Items from a data source
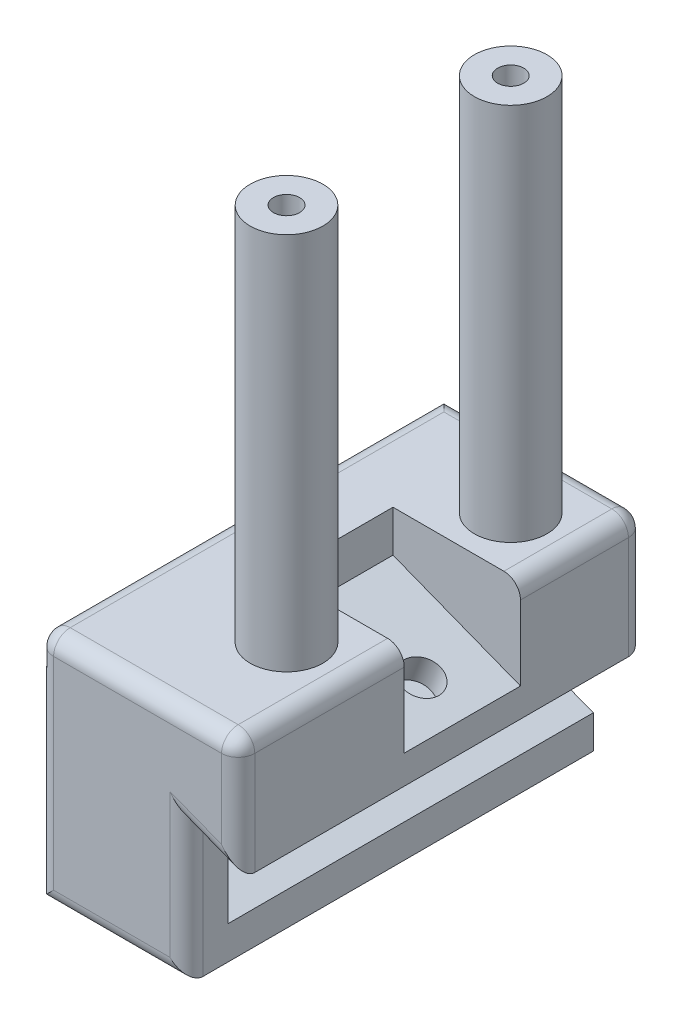
ISO-10303-21;
HEADER;
FILE_DESCRIPTION(('STEP AP214'),'2;1');
FILE_NAME('part.step','',(''),(''),'','','');
FILE_SCHEMA(('AUTOMOTIVE_DESIGN { 1 0 10303 214 1 1 1 1 }'));
ENDSEC;
DATA;
#1=APPLICATION_CONTEXT('core data for automotive mechanical design processes');
#2=APPLICATION_PROTOCOL_DEFINITION('international standard','automotive_design',2000,#1);
#3=PRODUCT_CONTEXT('',#1,'mechanical');
#4=PRODUCT('Part','Part','',(#3));
#5=PRODUCT_RELATED_PRODUCT_CATEGORY('part','',(#4));
#6=PRODUCT_DEFINITION_FORMATION('','',#4);
#7=PRODUCT_DEFINITION_CONTEXT('part definition',#1,'design');
#8=PRODUCT_DEFINITION('design','',#6,#7);
#9=PRODUCT_DEFINITION_SHAPE('','',#8);
#10=(LENGTH_UNIT() NAMED_UNIT(*) SI_UNIT(.MILLI.,.METRE.));
#11=(NAMED_UNIT(*) PLANE_ANGLE_UNIT() SI_UNIT($,.RADIAN.));
#12=(NAMED_UNIT(*) SI_UNIT($,.STERADIAN.) SOLID_ANGLE_UNIT());
#13=UNCERTAINTY_MEASURE_WITH_UNIT(LENGTH_MEASURE(1.E-05),#10,'distance_accuracy_value','');
#14=(GEOMETRIC_REPRESENTATION_CONTEXT(3) GLOBAL_UNCERTAINTY_ASSIGNED_CONTEXT((#13)) GLOBAL_UNIT_ASSIGNED_CONTEXT((#10,
#11,#12)) REPRESENTATION_CONTEXT('',''));
#15=CARTESIAN_POINT('',(0.,0.,0.));
#16=DIRECTION('',(0.,0.,1.));
#17=DIRECTION('',(1.,0.,0.));
#18=AXIS2_PLACEMENT_3D('',#15,#16,#17);
#19=CARTESIAN_POINT('',(21.0231138310347,93.9544851801877,10.795));
#20=DIRECTION('',(0.,-1.,0.));
#21=DIRECTION('',(0.,0.,-1.));
#22=AXIS2_PLACEMENT_3D('',#19,#20,#21);
#23=CYLINDRICAL_SURFACE('',#22,5.55625);
#24=CARTESIAN_POINT('',(21.0231138310347,36.0424851801877,10.795));
#25=DIRECTION('',(0.,1.,0.));
#26=DIRECTION('',(0.,0.,1.));
#27=AXIS2_PLACEMENT_3D('',#24,#25,#26);
#28=CIRCLE('',#27,5.55625);
#29=CARTESIAN_POINT('',(21.0231138310347,36.0424851801877,16.35125));
#30=VERTEX_POINT('',#29);
#31=EDGE_CURVE('E222',#30,#30,#28,.T.);
#32=ORIENTED_EDGE('',*,*,#31,.T.);
#33=EDGE_LOOP('',(#32));
#34=FACE_BOUND('',#33,.T.);
#35=CARTESIAN_POINT('',(21.0231138310347,93.9544851801877,10.795));
#36=DIRECTION('',(0.,1.,0.));
#37=DIRECTION('',(0.,0.,1.));
#38=AXIS2_PLACEMENT_3D('',#35,#36,#37);
#39=CIRCLE('',#38,5.55625);
#40=CARTESIAN_POINT('',(21.0231138310347,93.9544851801877,16.35125));
#41=VERTEX_POINT('',#40);
#42=EDGE_CURVE('E296',#41,#41,#39,.T.);
#43=ORIENTED_EDGE('',*,*,#42,.F.);
#44=EDGE_LOOP('',(#43));
#45=FACE_BOUND('',#44,.T.);
#46=ADVANCED_FACE('F43',(#34,#45),#23,.T.);
#47=CARTESIAN_POINT('',(21.0231138310347,93.9544851801877,10.795));
#48=DIRECTION('',(0.,1.,0.));
#49=DIRECTION('',(0.,0.,1.));
#50=AXIS2_PLACEMENT_3D('',#47,#48,#49);
#51=PLANE('',#50);
#52=CARTESIAN_POINT('',(21.0231138310347,93.9544851801877,10.795));
#53=DIRECTION('',(0.,1.,0.));
#54=DIRECTION('',(0.,0.,1.));
#55=AXIS2_PLACEMENT_3D('',#52,#53,#54);
#56=CIRCLE('',#55,1.999996);
#57=CARTESIAN_POINT('',(21.0231138310347,93.9544851801877,12.794996));
#58=VERTEX_POINT('',#57);
#59=EDGE_CURVE('E232',#58,#58,#56,.T.);
#60=ORIENTED_EDGE('',*,*,#59,.F.);
#61=EDGE_LOOP('',(#60));
#62=FACE_BOUND('',#61,.T.);
#63=ORIENTED_EDGE('',*,*,#42,.T.);
#64=EDGE_LOOP('',(#63));
#65=FACE_BOUND('',#64,.T.);
#66=ADVANCED_FACE('F504',(#62,#65),#51,.T.);
#67=CARTESIAN_POINT('',(21.0231138310347,86.9544852101877,10.795));
#68=DIRECTION('',(0.,1.,0.));
#69=DIRECTION('',(0.,0.,1.));
#70=AXIS2_PLACEMENT_3D('',#67,#68,#69);
#71=CYLINDRICAL_SURFACE('',#70,1.999996);
#72=CARTESIAN_POINT('',(21.0231138310347,86.9544852101877,10.795));
#73=DIRECTION('',(0.,1.,0.));
#74=DIRECTION('',(0.,0.,1.));
#75=AXIS2_PLACEMENT_3D('',#72,#73,#74);
#76=CIRCLE('',#75,1.999996);
#77=CARTESIAN_POINT('',(21.0231138310347,86.9544852101877,12.794996));
#78=VERTEX_POINT('',#77);
#79=EDGE_CURVE('E228',#78,#78,#76,.T.);
#80=ORIENTED_EDGE('',*,*,#79,.F.);
#81=EDGE_LOOP('',(#80));
#82=FACE_BOUND('',#81,.T.);
#83=ORIENTED_EDGE('',*,*,#59,.T.);
#84=EDGE_LOOP('',(#83));
#85=FACE_BOUND('',#84,.T.);
#86=ADVANCED_FACE('F512',(#82,#85),#71,.F.);
#87=CARTESIAN_POINT('',(21.0231138310347,86.9544852101877,10.795));
#88=DIRECTION('',(0.,1.,0.));
#89=DIRECTION('',(0.,0.,1.));
#90=AXIS2_PLACEMENT_3D('',#87,#88,#89);
#91=PLANE('',#90);
#92=ORIENTED_EDGE('',*,*,#79,.T.);
#93=EDGE_LOOP('',(#92));
#94=FACE_BOUND('',#93,.T.);
#95=ADVANCED_FACE('F641',(#94),#91,.T.);
#96=CARTESIAN_POINT('',(11.2714334077757,36.0424851801877,36.83));
#97=DIRECTION('',(-1.,0.,0.));
#98=DIRECTION('',(0.,0.,1.));
#99=AXIS2_PLACEMENT_3D('',#96,#97,#98);
#100=PLANE('',#99);
#101=DIRECTION('',(0.,0.,-1.));
#102=VECTOR('',#101,1.);
#103=CARTESIAN_POINT('',(11.2714334077757,29.6924851801877,55.88));
#104=LINE('',#103,#102);
#105=CARTESIAN_POINT('',(11.2714334077757,29.6924851801877,36.83));
#106=VERTEX_POINT('',#105);
#107=CARTESIAN_POINT('',(11.2714334077757,29.6924851801877,19.05));
#108=VERTEX_POINT('',#107);
#109=EDGE_CURVE('E253',#106,#108,#104,.T.);
#110=ORIENTED_EDGE('',*,*,#109,.T.);
#111=DIRECTION('',(0.,-1.,0.));
#112=VECTOR('',#111,1.);
#113=CARTESIAN_POINT('',(11.2714334077757,36.0424851801877,19.05));
#114=LINE('',#113,#112);
#115=CARTESIAN_POINT('',(11.2714334077757,36.0424851801877,19.05));
#116=VERTEX_POINT('',#115);
#117=EDGE_CURVE('E210',#116,#108,#114,.T.);
#118=ORIENTED_EDGE('',*,*,#117,.F.);
#119=DIRECTION('',(0.,0.,-1.));
#120=VECTOR('',#119,1.);
#121=CARTESIAN_POINT('',(11.2714334077757,36.0424851801877,36.83));
#122=LINE('',#121,#120);
#123=CARTESIAN_POINT('',(11.2714334077757,36.0424851801877,36.83));
#124=VERTEX_POINT('',#123);
#125=EDGE_CURVE('E194',#124,#116,#122,.T.);
#126=ORIENTED_EDGE('',*,*,#125,.F.);
#127=DIRECTION('',(0.,-1.,0.));
#128=VECTOR('',#127,1.);
#129=CARTESIAN_POINT('',(11.2714334077757,36.0424851801877,36.83));
#130=LINE('',#129,#128);
#131=EDGE_CURVE('E203',#124,#106,#130,.T.);
#132=ORIENTED_EDGE('',*,*,#131,.T.);
#133=EDGE_LOOP('',(#110,#118,#126,#132));
#134=FACE_BOUND('',#133,.T.);
#135=ADVANCED_FACE('F212',(#134),#100,.F.);
#136=CARTESIAN_POINT('',(0.,36.0424851801877,0.));
#137=DIRECTION('',(0.,1.,0.));
#138=DIRECTION('',(0.,0.,1.));
#139=AXIS2_PLACEMENT_3D('',#136,#137,#138);
#140=PLANE('',#139);
#141=ORIENTED_EDGE('',*,*,#31,.F.);
#142=EDGE_LOOP('',(#141));
#143=FACE_BOUND('',#142,.T.);
#144=CARTESIAN_POINT('',(21.0231138310346,36.0424851801877,45.085));
#145=DIRECTION('',(0.,1.,0.));
#146=DIRECTION('',(0.,0.,1.));
#147=AXIS2_PLACEMENT_3D('',#144,#145,#146);
#148=CIRCLE('',#147,5.55625);
#149=CARTESIAN_POINT('',(21.0231138310346,36.0424851801877,50.64125));
#150=VERTEX_POINT('',#149);
#151=EDGE_CURVE('E221',#150,#150,#148,.T.);
#152=ORIENTED_EDGE('',*,*,#151,.F.);
#153=EDGE_LOOP('',(#152));
#154=FACE_BOUND('',#153,.T.);
#155=DIRECTION('',(1.,0.,0.));
#156=VECTOR('',#155,1.);
#157=CARTESIAN_POINT('',(11.2714334077757,36.0424851801877,19.05));
#158=LINE('',#157,#156);
#159=CARTESIAN_POINT('',(28.2347942542936,36.0424851801877,19.05));
#160=VERTEX_POINT('',#159);
#161=EDGE_CURVE('E215',#116,#160,#158,.T.);
#162=ORIENTED_EDGE('',*,*,#161,.T.);
#163=DIRECTION('',(0.,0.,-1.));
#164=VECTOR('',#163,1.);
#165=CARTESIAN_POINT('',(28.2347942542936,36.0424851801877,0.));
#166=LINE('',#165,#164);
#167=CARTESIAN_POINT('',(28.2347942542936,36.0424851801877,2.54));
#168=VERTEX_POINT('',#167);
#169=EDGE_CURVE('E334',#160,#168,#166,.T.);
#170=ORIENTED_EDGE('',*,*,#169,.T.);
#171=DIRECTION('',(-1.,0.,0.));
#172=VECTOR('',#171,1.);
#173=CARTESIAN_POINT('',(0.,36.0424851801877,2.54));
#174=LINE('',#173,#172);
#175=CARTESIAN_POINT('',(2.54,36.0424851801877,2.54));
#176=VERTEX_POINT('',#175);
#177=EDGE_CURVE('E332',#168,#176,#174,.T.);
#178=ORIENTED_EDGE('',*,*,#177,.T.);
#179=DIRECTION('',(0.,0.,1.));
#180=VECTOR('',#179,1.);
#181=CARTESIAN_POINT('',(2.54,36.0424851801877,62.23));
#182=LINE('',#181,#180);
#183=CARTESIAN_POINT('',(2.54,36.0424851801877,59.69));
#184=VERTEX_POINT('',#183);
#185=EDGE_CURVE('E330',#176,#184,#182,.T.);
#186=ORIENTED_EDGE('',*,*,#185,.T.);
#187=DIRECTION('',(1.,0.,0.));
#188=VECTOR('',#187,1.);
#189=CARTESIAN_POINT('',(30.7747942542936,36.0424851801877,59.69));
#190=LINE('',#189,#188);
#191=CARTESIAN_POINT('',(28.2347942542936,36.0424851801877,59.69));
#192=VERTEX_POINT('',#191);
#193=EDGE_CURVE('E328',#184,#192,#190,.T.);
#194=ORIENTED_EDGE('',*,*,#193,.T.);
#195=DIRECTION('',(0.,0.,-1.));
#196=VECTOR('',#195,1.);
#197=CARTESIAN_POINT('',(28.2347942542936,36.0424851801877,0.));
#198=LINE('',#197,#196);
#199=CARTESIAN_POINT('',(28.2347942542936,36.0424851801877,36.83));
#200=VERTEX_POINT('',#199);
#201=EDGE_CURVE('E197',#192,#200,#198,.T.);
#202=ORIENTED_EDGE('',*,*,#201,.T.);
#203=DIRECTION('',(-1.,0.,0.));
#204=VECTOR('',#203,1.);
#205=CARTESIAN_POINT('',(30.7747942542936,36.0424851801877,36.83));
#206=LINE('',#205,#204);
#207=EDGE_CURVE('E189',#200,#124,#206,.T.);
#208=ORIENTED_EDGE('',*,*,#207,.T.);
#209=ORIENTED_EDGE('',*,*,#125,.T.);
#210=EDGE_LOOP('',(#162,#170,#178,#186,#194,#202,#208,#209));
#211=FACE_BOUND('',#210,.T.);
#212=ADVANCED_FACE('F192',(#143,#154,#211),#140,.T.);
#213=CARTESIAN_POINT('',(22.86,5.08,55.88));
#214=DIRECTION('',(-0.362446261154949,-0.932004671541296,0.));
#215=DIRECTION('',(0.932004671541296,-0.362446261154949,0.));
#216=AXIS2_PLACEMENT_3D('',#213,#214,#215);
#217=PLANE('',#216);
#218=DIRECTION('',(-0.932004671541296,0.362446261154949,0.));
#219=VECTOR('',#218,1.);
#220=CARTESIAN_POINT('',(22.86,5.08,0.));
#221=LINE('',#220,#219);
#222=CARTESIAN_POINT('',(22.86,5.08,0.));
#223=VERTEX_POINT('',#222);
#224=CARTESIAN_POINT('',(2.54,12.9822222222222,0.));
#225=VERTEX_POINT('',#224);
#226=EDGE_CURVE('E280',#223,#225,#221,.T.);
#227=ORIENTED_EDGE('',*,*,#226,.T.);
#228=CARTESIAN_POINT('',(2.54,12.9822222222222,2.54));
#229=DIRECTION('',(-0.362446261154949,-0.932004671541296,0.));
#230=DIRECTION('',(0.932004671541296,-0.362446261154949,0.));
#231=AXIS2_PLACEMENT_3D('',#228,#229,#230);
#232=ELLIPSE('',#231,2.72530822812239,2.54);
#233=CARTESIAN_POINT('',(0.,13.97,2.54));
#234=VERTEX_POINT('',#233);
#235=EDGE_CURVE('E358',#225,#234,#232,.F.);
#236=ORIENTED_EDGE('',*,*,#235,.T.);
#237=DIRECTION('',(0.,0.,-1.));
#238=VECTOR('',#237,1.);
#239=CARTESIAN_POINT('',(0.,13.97,55.88));
#240=LINE('',#239,#238);
#241=CARTESIAN_POINT('',(0.,13.97,55.88));
#242=VERTEX_POINT('',#241);
#243=EDGE_CURVE('E279',#242,#234,#240,.T.);
#244=ORIENTED_EDGE('',*,*,#243,.F.);
#245=DIRECTION('',(-0.932004671541296,0.362446261154949,0.));
#246=VECTOR('',#245,1.);
#247=CARTESIAN_POINT('',(22.86,5.08,55.88));
#248=LINE('',#247,#246);
#249=CARTESIAN_POINT('',(22.86,5.08,55.88));
#250=VERTEX_POINT('',#249);
#251=EDGE_CURVE('E276',#250,#242,#248,.T.);
#252=ORIENTED_EDGE('',*,*,#251,.F.);
#253=DIRECTION('',(0.,0.,-1.));
#254=VECTOR('',#253,1.);
#255=CARTESIAN_POINT('',(22.86,5.08,55.88));
#256=LINE('',#255,#254);
#257=EDGE_CURVE('E287',#250,#223,#256,.T.);
#258=ORIENTED_EDGE('',*,*,#257,.T.);
#259=EDGE_LOOP('',(#227,#236,#244,#252,#258));
#260=FACE_BOUND('',#259,.T.);
#261=ADVANCED_FACE('F467',(#260),#217,.F.);
#262=CARTESIAN_POINT('',(0.,0.,0.));
#263=DIRECTION('',(0.,0.,1.));
#264=DIRECTION('',(1.,0.,0.));
#265=AXIS2_PLACEMENT_3D('',#262,#263,#264);
#266=PLANE('',#265);
#267=DIRECTION('',(1.,0.,0.));
#268=VECTOR('',#267,1.);
#269=CARTESIAN_POINT('',(0.,0.,0.));
#270=LINE('',#269,#268);
#271=CARTESIAN_POINT('',(2.54,0.,0.));
#272=VERTEX_POINT('',#271);
#273=CARTESIAN_POINT('',(22.86,0.,0.));
#274=VERTEX_POINT('',#273);
#275=EDGE_CURVE('E275',#272,#274,#270,.T.);
#276=ORIENTED_EDGE('',*,*,#275,.F.);
#277=DIRECTION('',(0.,-1.,0.));
#278=VECTOR('',#277,1.);
#279=CARTESIAN_POINT('',(2.54,0.,0.));
#280=LINE('',#279,#278);
#281=EDGE_CURVE('E60',#272,#225,#280,.F.);
#282=ORIENTED_EDGE('',*,*,#281,.T.);
#283=ORIENTED_EDGE('',*,*,#226,.F.);
#284=DIRECTION('',(0.,1.,0.));
#285=VECTOR('',#284,1.);
#286=CARTESIAN_POINT('',(22.86,0.,0.));
#287=LINE('',#286,#285);
#288=EDGE_CURVE('E282',#274,#223,#287,.T.);
#289=ORIENTED_EDGE('',*,*,#288,.F.);
#290=EDGE_LOOP('',(#276,#282,#283,#289));
#291=FACE_BOUND('',#290,.T.);
#292=ADVANCED_FACE('F464',(#291),#266,.F.);
#293=CARTESIAN_POINT('',(0.,0.,55.88));
#294=DIRECTION('',(0.,1.,0.));
#295=DIRECTION('',(0.,0.,1.));
#296=AXIS2_PLACEMENT_3D('',#293,#294,#295);
#297=PLANE('',#296);
#298=DIRECTION('',(0.,0.,-1.));
#299=VECTOR('',#298,1.);
#300=CARTESIAN_POINT('',(22.86,0.,55.88));
#301=LINE('',#300,#299);
#302=CARTESIAN_POINT('',(22.86,0.,59.69));
#303=VERTEX_POINT('',#302);
#304=EDGE_CURVE('E290',#303,#274,#301,.T.);
#305=ORIENTED_EDGE('',*,*,#304,.F.);
#306=DIRECTION('',(1.,0.,0.));
#307=VECTOR('',#306,1.);
#308=CARTESIAN_POINT('',(0.,0.,59.69));
#309=LINE('',#308,#307);
#310=CARTESIAN_POINT('',(0.,0.,59.69));
#311=VERTEX_POINT('',#310);
#312=EDGE_CURVE('E352',#303,#311,#309,.F.);
#313=ORIENTED_EDGE('',*,*,#312,.T.);
#314=DIRECTION('',(0.,0.,-1.));
#315=VECTOR('',#314,1.);
#316=CARTESIAN_POINT('',(0.,0.,55.88));
#317=LINE('',#316,#315);
#318=CARTESIAN_POINT('',(0.,0.,2.54));
#319=VERTEX_POINT('',#318);
#320=EDGE_CURVE('E293',#311,#319,#317,.T.);
#321=ORIENTED_EDGE('',*,*,#320,.T.);
#322=CARTESIAN_POINT('',(2.54,0.,2.54));
#323=DIRECTION('',(0.,1.,0.));
#324=DIRECTION('',(0.,0.,1.));
#325=AXIS2_PLACEMENT_3D('',#322,#323,#324);
#326=CIRCLE('',#325,2.54);
#327=EDGE_CURVE('E350',#319,#272,#326,.F.);
#328=ORIENTED_EDGE('',*,*,#327,.T.);
#329=ORIENTED_EDGE('',*,*,#275,.T.);
#330=EDGE_LOOP('',(#305,#313,#321,#328,#329));
#331=FACE_BOUND('',#330,.T.);
#332=ADVANCED_FACE('F462',(#331),#297,.F.);
#333=CARTESIAN_POINT('',(22.86,0.,55.88));
#334=DIRECTION('',(-1.,0.,0.));
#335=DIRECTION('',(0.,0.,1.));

— Exercise objective —
Reproduce the lines of the entries above from the one with "#93=EDGE_LOOP('',(#92));" to the one with "#114=LINE('',#113,#112);", both included, exactly and without any other line.

— Solution to this task —
#93=EDGE_LOOP('',(#92));
#94=FACE_BOUND('',#93,.T.);
#95=ADVANCED_FACE('F641',(#94),#91,.T.);
#96=CARTESIAN_POINT('',(11.2714334077757,36.0424851801877,36.83));
#97=DIRECTION('',(-1.,0.,0.));
#98=DIRECTION('',(0.,0.,1.));
#99=AXIS2_PLACEMENT_3D('',#96,#97,#98);
#100=PLANE('',#99);
#101=DIRECTION('',(0.,0.,-1.));
#102=VECTOR('',#101,1.);
#103=CARTESIAN_POINT('',(11.2714334077757,29.6924851801877,55.88));
#104=LINE('',#103,#102);
#105=CARTESIAN_POINT('',(11.2714334077757,29.6924851801877,36.83));
#106=VERTEX_POINT('',#105);
#107=CARTESIAN_POINT('',(11.2714334077757,29.6924851801877,19.05));
#108=VERTEX_POINT('',#107);
#109=EDGE_CURVE('E253',#106,#108,#104,.T.);
#110=ORIENTED_EDGE('',*,*,#109,.T.);
#111=DIRECTION('',(0.,-1.,0.));
#112=VECTOR('',#111,1.);
#113=CARTESIAN_POINT('',(11.2714334077757,36.0424851801877,19.05));
#114=LINE('',#113,#112);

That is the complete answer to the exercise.